Parameters: labels (array-like): The labels or categories for which the diversity measure is to be calculated.

Returns: float: The Shannon Entropy value.

__call__(d: tsgm.dataset.DatasetOrTensor) float[source]

Calculate the Shannon entropy for the dataset.

Parameters: d (tsgm.dataset.DatasetOrTensor): The dataset or tensor object containing the labels.

Returns: float: The Shannon entropy value.

Raises: AssertionError: If the dataset does not contain labels.

class PairwiseDistanceMetric[source]

Bases: Metric

Measures pairwise distances in a set of time series.

pairwise_euclidean_distances(ts: tensorflow.python.types.core.TensorLike) tensorflow.python.types.core.TensorLike[source]

Computes the pairwise Euclidean distances for a set of time series.

Parameters: ts (numpy.ndarray): A 2D array where each row represents a time series.

Returns: numpy.ndarray: A 2D array representing the pairwise Euclidean distance matrix.

__call__(d: tsgm.dataset.DatasetOrTensor) tensorflow.python.types.core.TensorLike[source]

Calculates the pairwise Euclidean distances for a dataset or tensor.

Parameters: d (tsgm.dataset.DatasetOrTensor): The input dataset or tensor containing time series data.

Returns: float: The pairwise Euclidean distances of the input data.

class PredictiveParityMetric[source]

Measuring predictive parity between two datasets.

This metric assesses the discrepancy in the predictive performance of a model among different groups in two datasets. By default, it uses precision to quantify the predictive performance of the model within each group.

Args:

y_true_hist (TensorLike): The true target values for the historical data. y_pred_hist (TensorLike): The predicted target values for the historical data. groups_hist (TensorLike): The group assignments for the historical data. y_true_synth (TensorLike): The true target values for the synthetic data. y_pred_synth (TensorLike): The predicted target values for the synthetic data. groups_synth (TensorLike): The group assignments for the synthetic data. metric (callable, optional): The metric used to compare the predictive performance within each group.

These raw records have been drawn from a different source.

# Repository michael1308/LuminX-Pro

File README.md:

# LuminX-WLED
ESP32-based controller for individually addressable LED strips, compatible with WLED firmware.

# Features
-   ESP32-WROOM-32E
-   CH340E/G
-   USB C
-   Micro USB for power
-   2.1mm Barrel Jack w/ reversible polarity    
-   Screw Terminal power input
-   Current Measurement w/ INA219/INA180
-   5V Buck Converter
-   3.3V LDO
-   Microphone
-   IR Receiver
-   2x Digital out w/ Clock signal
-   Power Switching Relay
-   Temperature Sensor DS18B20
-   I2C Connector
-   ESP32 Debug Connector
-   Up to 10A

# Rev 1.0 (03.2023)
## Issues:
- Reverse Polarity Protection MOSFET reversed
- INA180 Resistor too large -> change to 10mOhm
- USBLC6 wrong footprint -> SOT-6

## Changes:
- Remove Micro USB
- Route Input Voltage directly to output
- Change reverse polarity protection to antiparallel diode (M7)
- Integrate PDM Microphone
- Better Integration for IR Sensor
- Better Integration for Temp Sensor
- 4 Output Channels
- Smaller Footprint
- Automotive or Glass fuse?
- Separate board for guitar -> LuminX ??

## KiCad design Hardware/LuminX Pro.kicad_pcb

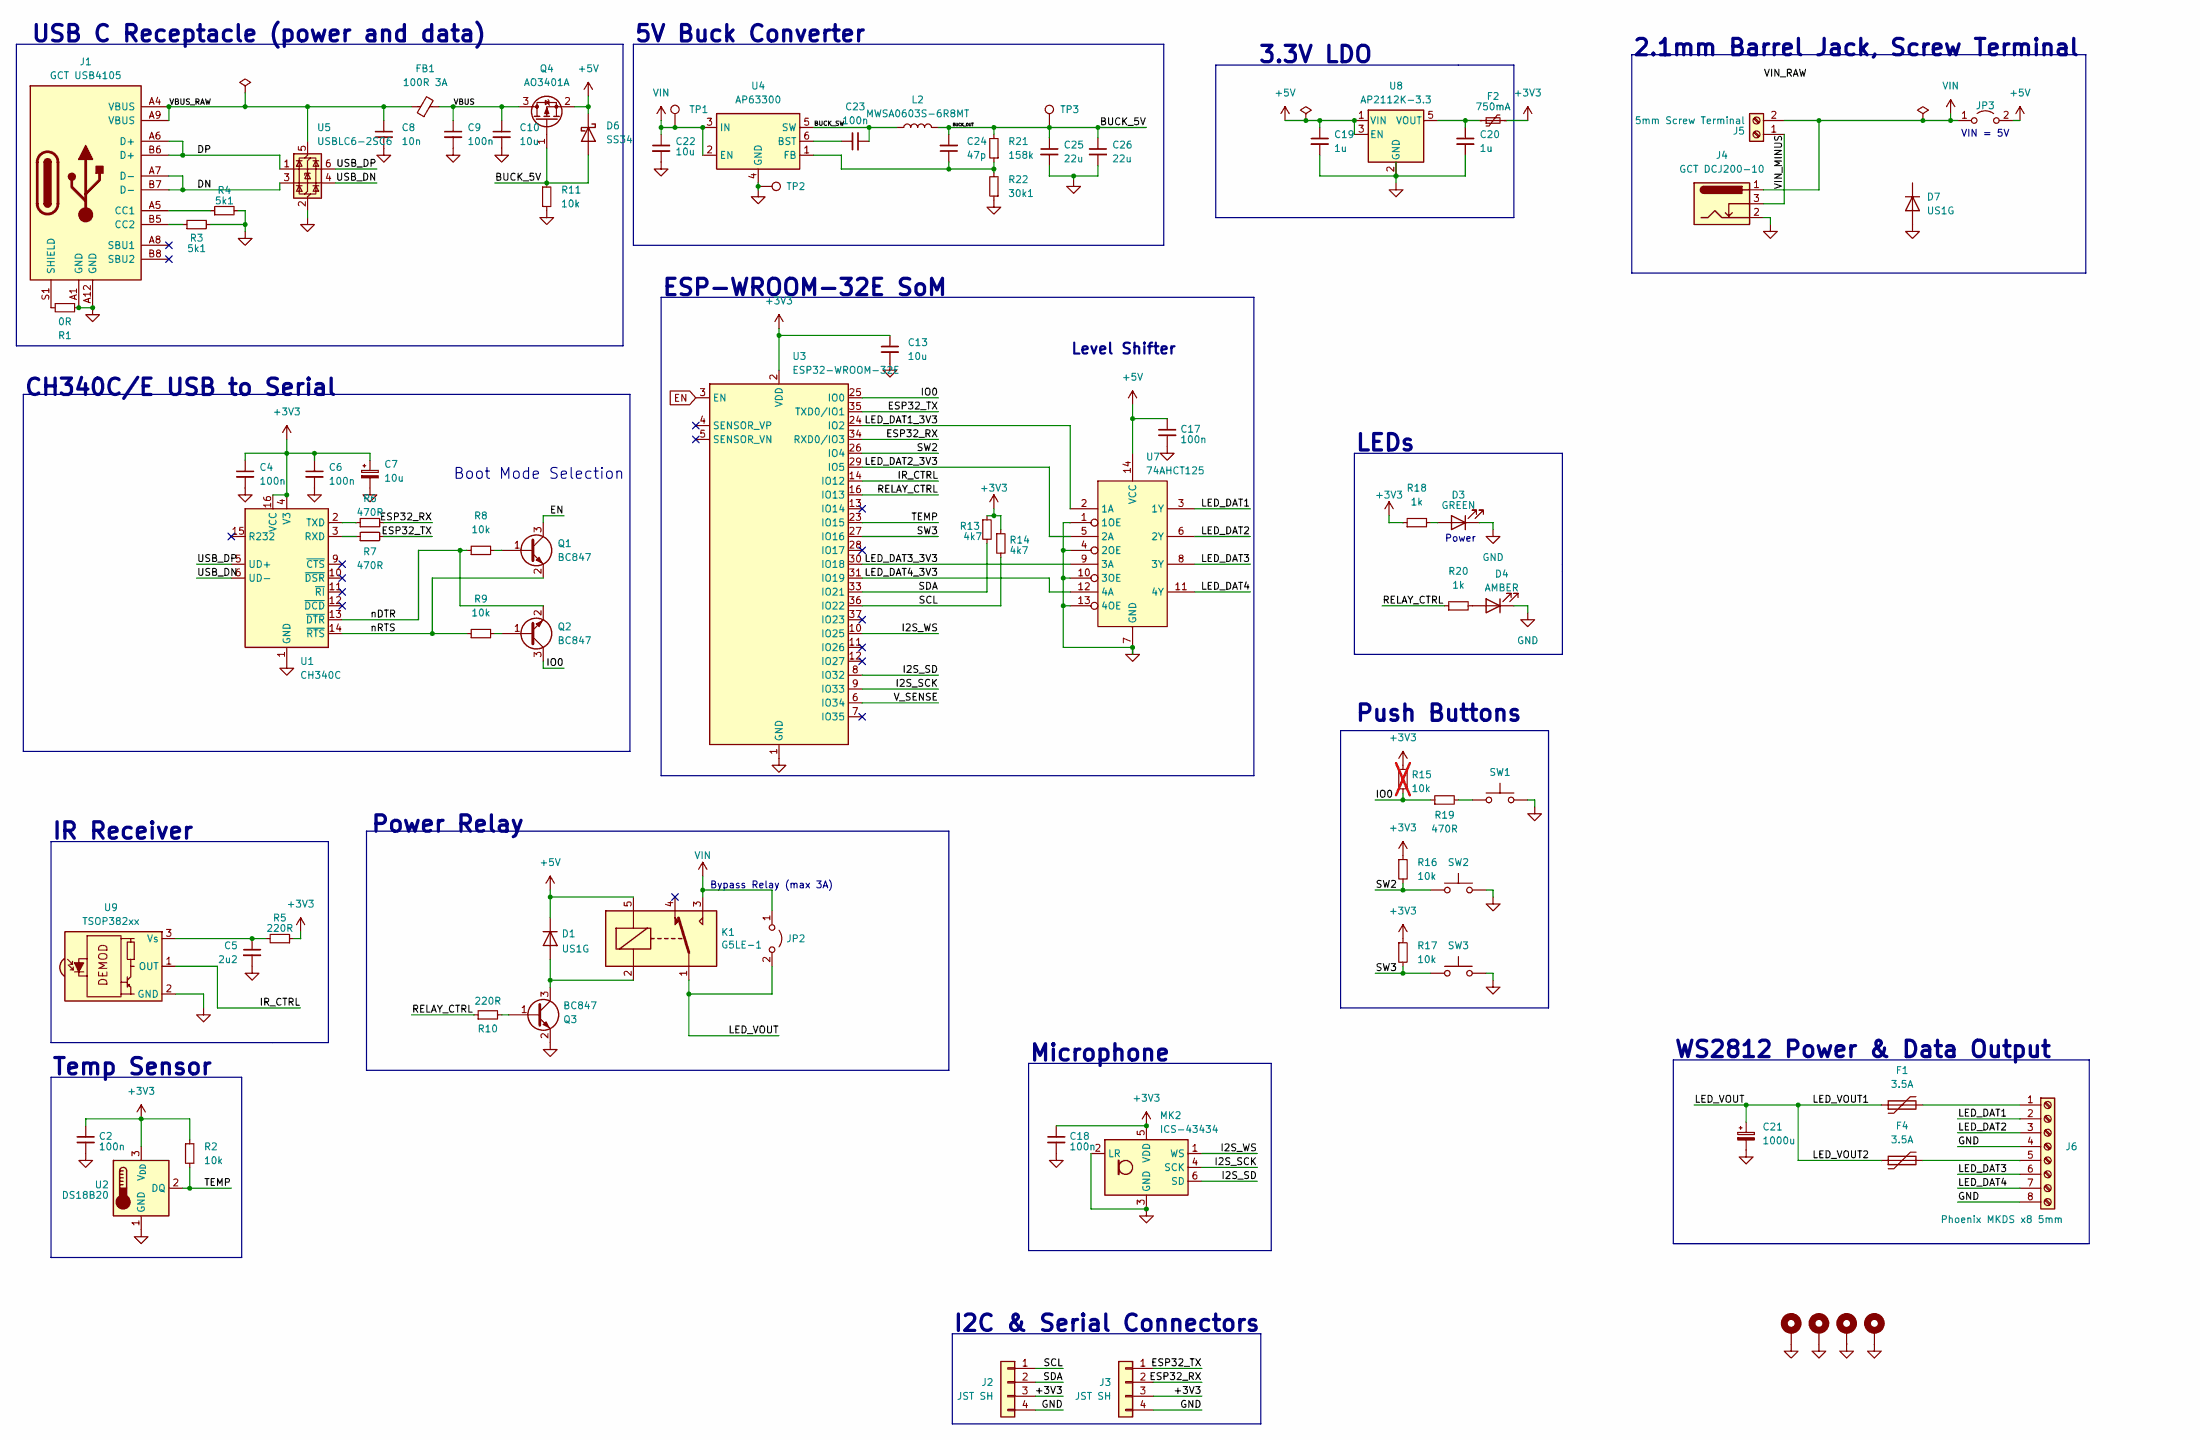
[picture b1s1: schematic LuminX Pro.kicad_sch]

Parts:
C2, C4, C6, C9, C17, C18, C23: 100n; C_0603_1608Metric
C5: 2u2; C_0805_2012Metric
C7, C13: 10u; C_0805_2012Metric
C8: 10n; C_0603_1608Metric
C10, C22: 10u; C_1206_3216Metric
C19, C20: 1u; C_0603_1608Metric
C21: 1000u; CP_Radial_D12.5mm_P5.00mm
C24: 47p; C_0603_1608Metric
C25, C26: 22u; C_1206_3216Metric
D1, D7: US1G; D_SMA
D3: GREEN; LED_0805_2012Metric
D4: AMBER; LED_0805_2012Metric
D6: SS34; D_SMA
F1, F4: 3.5A; Fuseholder_Clip-5x20mm_Littelfuse_521_Lateral_P17.00x5.00mm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
F2: 750mA; Fuse_1206_3216Metric
FB1: 100R 3A; L_0603_1608Metric
H1, H2, H3, H4: MountingHole; MountingHole_3.2mm_M3_Pad_Via
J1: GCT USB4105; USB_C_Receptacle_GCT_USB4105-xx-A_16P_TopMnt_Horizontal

Default is precision score.

Returns:

dict: A dictionary mapping each group to the computed predictive parity metric.

Example:
>>> metric = PredictiveParityMetric()
>>> y_true_hist = [0, 1, 0, 1, 1, 0]
>>> y_pred_hist = [0, 1, 0, 0, 1, 1]
>>> groups_hist = [0, 1, 0, 1, 1, 0]
>>> y_true_synth = [1, 0, 1, 0, 0, 1]
>>> y_pred_synth = [1, 0, 1, 1, 0, 0]
>>> groups_synth = [1, 1, 0, 0, 0, 1]
>>> result = metric(y_true_hist, y_pred_hist, groups_hist, y_true_synth, y_pred_synth, groups_synth)
>>> print(result)
__call__(y_true_hist: tensorflow.python.types.core.TensorLike, y_pred_hist: tensorflow.python.types.core.TensorLike, groups_hist: tensorflow.python.types.core.TensorLike, y_true_synth: tensorflow.python.types.core.TensorLike, y_pred_synth: tensorflow.python.types.core.TensorLike, groups_synth: tensorflow.python.types.core.TensorLike, metric: Callable = _DEFAULT_METRIC) Dict[int, float][source]

Calculate the predictive parity metric for the input datasets.

Args:

y_true_hist (TensorLike): The true target values for the historical data. y_pred_hist (TensorLike): The predicted target values for the historical data. groups_hist (TensorLike): The group assignments for the historical data. y_true_synth (TensorLike): The true target values for the synthetic data. y_pred_synth (TensorLike): The predicted target values for the synthetic data. groups_synth (TensorLike): The group assignments for the synthetic data. metric (callable, optional): The metric used to compare the predictive performance within each group.

Default is precision score.

Returns:

dict: A dictionary mapping each group to the computed predictive parity metric.